== Segment start ==

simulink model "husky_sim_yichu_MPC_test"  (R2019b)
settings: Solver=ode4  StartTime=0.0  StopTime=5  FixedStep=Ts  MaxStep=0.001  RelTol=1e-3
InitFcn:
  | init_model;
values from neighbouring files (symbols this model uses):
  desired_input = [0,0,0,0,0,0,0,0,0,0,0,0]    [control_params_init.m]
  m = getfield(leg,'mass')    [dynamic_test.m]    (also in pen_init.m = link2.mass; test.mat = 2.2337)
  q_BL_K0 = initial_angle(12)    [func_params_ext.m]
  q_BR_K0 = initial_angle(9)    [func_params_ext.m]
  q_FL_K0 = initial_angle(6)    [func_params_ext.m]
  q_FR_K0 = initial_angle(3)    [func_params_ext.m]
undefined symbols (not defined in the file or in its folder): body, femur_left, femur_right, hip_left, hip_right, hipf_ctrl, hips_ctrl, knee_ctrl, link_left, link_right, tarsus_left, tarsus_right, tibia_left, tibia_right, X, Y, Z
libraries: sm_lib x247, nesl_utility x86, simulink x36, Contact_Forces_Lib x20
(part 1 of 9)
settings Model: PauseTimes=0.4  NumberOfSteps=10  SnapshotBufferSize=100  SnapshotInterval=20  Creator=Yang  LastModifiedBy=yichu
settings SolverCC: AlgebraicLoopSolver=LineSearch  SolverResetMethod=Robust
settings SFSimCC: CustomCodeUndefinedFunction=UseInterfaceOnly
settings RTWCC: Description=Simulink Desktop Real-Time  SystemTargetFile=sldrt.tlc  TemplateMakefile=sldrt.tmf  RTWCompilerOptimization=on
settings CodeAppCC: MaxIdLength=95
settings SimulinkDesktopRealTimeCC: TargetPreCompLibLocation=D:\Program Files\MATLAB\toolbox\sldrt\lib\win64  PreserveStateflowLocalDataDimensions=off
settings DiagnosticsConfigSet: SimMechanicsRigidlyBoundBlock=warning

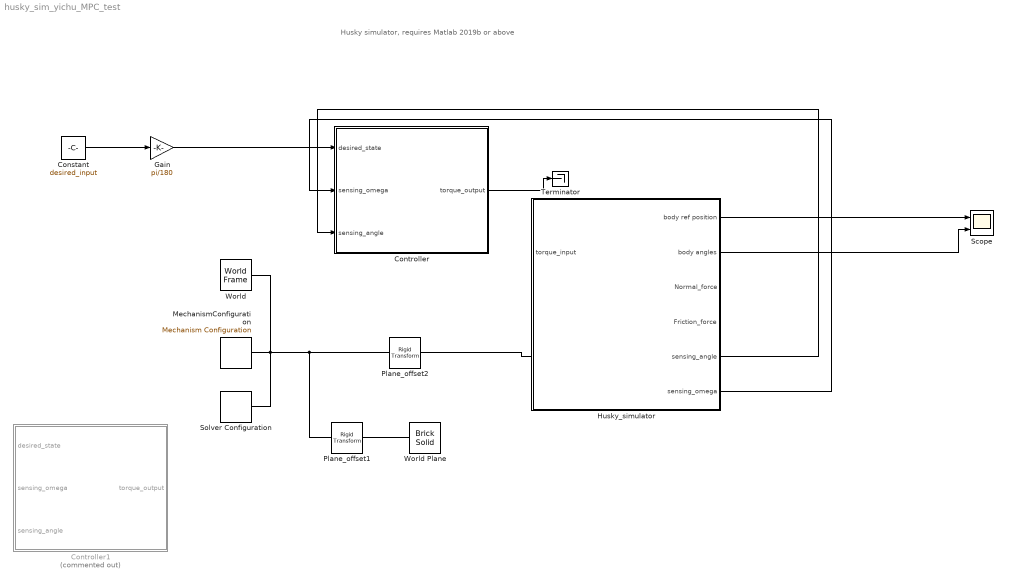
== system husky_sim_yichu_MPC_test ==
  note: Husky simulator, requires Matlab 2019b or above
  Constant : Constant  Value=desired_input
  Controller : Subsystem
  Controller1 : Subsystem  Commented=on
  Gain : Gain  Gain=pi/180
  Husky_simulator : Subsystem
  MechanismConfiguration : sm_lib/Utilities/Mechanism Configuration  UniformGravity=Constant  GravityVector=[0 0 -9.80665]  GravityUnits=m/s^2  LinearizationDelta=0.001
  Plane_offset1 : sm_lib/Frames and Transforms/Rigid Transform  TranslationMethod=Cartesian  TranslationStandardOffset=0  TranslationLengthUnit=m  TranslationStandardAxis=+Z  TranslationCartesianOffset=[0, 0, 0]  TranslationROffset=0  TranslationROffsetUnits=m  TranslationZOffset=0  TranslationZOffsetUnits=m  TranslationThetaOffset=0  TranslationThetaOffsetUnits=deg  RotationMethod=RotationSequence  RotationAngleUnits=deg  RotationStandardAxis=+Z  RotationAngle=0.0  RotationArbitraryAxis=[0 0 1]  FollAlignAxisA=+X  BaseAlignAxisA=+Y  FollAlignAxisB=+Y  BaseAlignAxisB=+Z  RotationSequenceAxes=BaseAxes  RotationSequence=XYZ  RotationSequenceAngles=[0, 0, 0]  RotationSequenceAnglesUnits=rad  RotationMatrix=[1 0 0; 0 1 0; 0 0 1]
  Plane_offset2 : sm_lib/Frames and Transforms/Rigid Transform  TranslationMethod=Cartesian  TranslationStandardOffset=0  TranslationLengthUnit=m  TranslationStandardAxis=+Z  TranslationCartesianOffset=[0, 0, 0]  TranslationROffset=0  TranslationROffsetUnits=m  TranslationZOffset=0  TranslationZOffsetUnits=m  TranslationThetaOffset=0  TranslationThetaOffsetUnits=deg  RotationMethod=StandardAxis  RotationAngleUnits=deg  RotationStandardAxis=+Z  RotationAngle=-90  RotationArbitraryAxis=[0 0 1]  FollAlignAxisA=+X  BaseAlignAxisA=+Y  FollAlignAxisB=+Y  BaseAlignAxisB=+Z  RotationSequenceAxes=BaseAxes  RotationSequence=XYZ  RotationSequenceAngles=[0, 0, 0]  RotationSequenceAnglesUnits=rad  RotationMatrix=[1 0 0; 0 1 0; 0 0 1]
  Scope : Scope  NumInputPorts=2
  Solver Configuration : nesl_utility/Solver Configuration  PhysicalDomain=network_engine_domain  SubClassName=solver  LeftPortType=input  RightPortType=generic  Tones=[]  Harmonics=[]  SimulateNoise=off  Profile=off  UseLocalSampling=off  EnableSwitchedLinearOptims=on  FrequencyDomain=off  UseCCode=off  RelTol=0.001  AbsTol=1e-06  MinStep=1e-09  ToWorkspace=off  RevertToSquareIcSolve=off  NumHomotopyIterations=100  PhasorMode=off  PhasorModeNumHarmonics=1  DoDC=off  ResidualTolerance=1e-09  UseLocalSolver=off  LocalSolverChoice=NE_BACKWARD_EULER_ADVANCER  LocalSolverSampleTime=0.001  DoFixedCost=off  MaxNonlinIter=3  MaxModeIter=2  LinearAlgebra=auto  EquationFormulation=NE_TIME_EF  DelaysMemoryBudget=1024  AutomaticFiltering=on  FilteringTimeConstant=0.001  PartitionStorageMethod=AS_NEEDED  PartitionMemoryBudget=1024  PartitionMethod=ROBUST
  Terminator : Terminator
  World : sm_lib/Frames and Transforms/World Frame
  "World Plane " : sm_lib/Body Elements/Brick Solid  GraphicAmbientColor=[0.15 0.15 0.15 1.0]  BasedOnType=Density  BrickDimensions=[5 5 0.02]  BrickDimensionUnits=m  CenterOfMass=[0 0 0]  CenterOfMassUnits=m  GraphicDiffuseColor=[0.5 0.5 0.5]  Density=1000  DensityUnits=kg/m^3  DoExposeReferenceFrame=on  GraphicEmissiveColor=[0.0 0.0 0.0 1.0]  ExportEntireGeometry=off  SerializedFrames=<Frames/>  MarkerShape=Sphere  MarkerSize=10  GraphicType=FromGeometry  InertiaType=CalculateFromGeometry  Mass=1  MassUnits=kg  MomentsOfInertia=[1 1 1]  MomentsOfInertiaUnits=kg*m^2  GraphicOpacity=1.0  ProductsOfInertia=[0 0 0]  ProductsOfInertiaUnits=kg*m^2  GraphicShininess=75  GraphicSpecularColor=[0.5 0.5 0.5 1.0]  GraphicVisPropType=SimpleVisualProperties
  wires:
  Controller/1(torque_output) -> Terminator/1
  Husky_simulator/5(sensing_angle) -> Controller/3(sensing_angle)
  Husky_simulator/6(sensing_omega) -> Controller/2(sensing_omega)
  Constant/1 -> Gain/1
  Gain/1 -> Controller/1("desired_state ")
  Husky_simulator/2(body angles) -> Scope/2
  Husky_simulator/1(body ref position) -> Scope/1
  connections:
  Plane_offset2/RConn1 -- Husky_simulator/LConn1
  Plane_offset1/RConn1 -- "World Plane "/RConn1
  Plane_offset1/LConn1 -- Plane_offset2/LConn1 -- Solver Configuration/RConn1 -- World/RConn1 -- MechanismConfiguration/RConn1

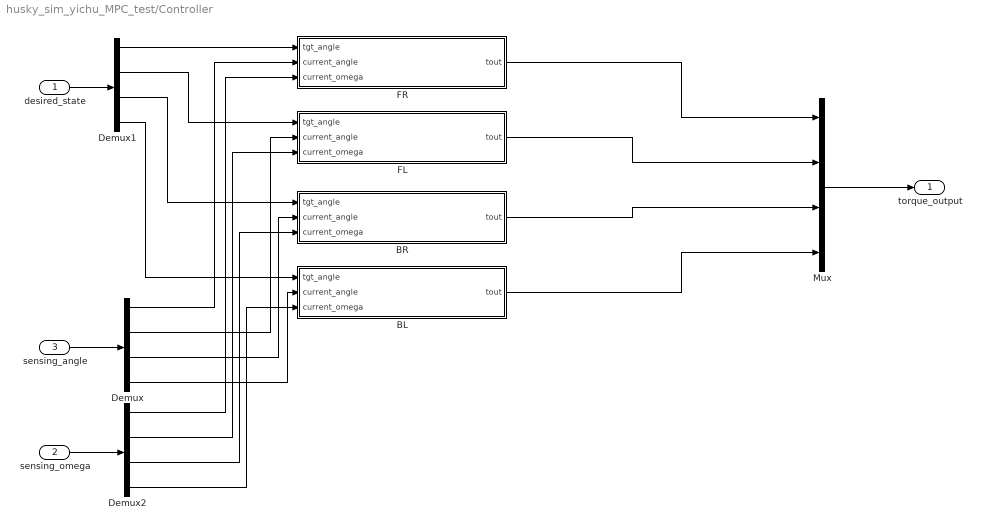
== system husky_sim_yichu_MPC_test/Controller ==
  "desired_state " : Inport
  sensing_omega : Inport  Port=2
  sensing_angle : Inport  Port=3
  BL : Subsystem
  BR : Subsystem
  Demux : Demux
  Demux1 : Demux
  Demux2 : Demux
  FL : Subsystem
  "FR " : Subsystem
  Mux : Mux
  torque_output : Outport
  wires:
  sensing_angle/1 -> Demux/1
  "desired_state "/1 -> Demux1/1
  Demux/1 -> "FR "/2("current_angle ")
  Demux/2 -> FL/2("current_angle ")
  Demux/3 -> BR/2("current_angle ")
  Demux/4 -> BL/2("current_angle ")
  Demux1/1 -> "FR "/1(tgt_angle)
  Demux1/2 -> FL/1(tgt_angle)
  Demux1/3 -> BR/1(tgt_angle)
  Demux1/4 -> BL/1(tgt_angle)
  Demux2/4 -> BL/3(current_omega)
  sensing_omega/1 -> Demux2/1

== Segment end ==

Task brief: Send back exactly, with nothing added, the lines from the first line of the material above through the line holding "q_FR_K0 = initial_angle(3)"; both ends are included.

Exercise solution:
simulink model "husky_sim_yichu_MPC_test"  (R2019b)
settings: Solver=ode4  StartTime=0.0  StopTime=5  FixedStep=Ts  MaxStep=0.001  RelTol=1e-3
InitFcn:
  | init_model;
values from neighbouring files (symbols this model uses):
  desired_input = [0,0,0,0,0,0,0,0,0,0,0,0]    [control_params_init.m]
  m = getfield(leg,'mass')    [dynamic_test.m]    (also in pen_init.m = link2.mass; test.mat = 2.2337)
  q_BL_K0 = initial_angle(12)    [func_params_ext.m]
  q_BR_K0 = initial_angle(9)    [func_params_ext.m]
  q_FL_K0 = initial_angle(6)    [func_params_ext.m]
  q_FR_K0 = initial_angle(3)    [func_params_ext.m]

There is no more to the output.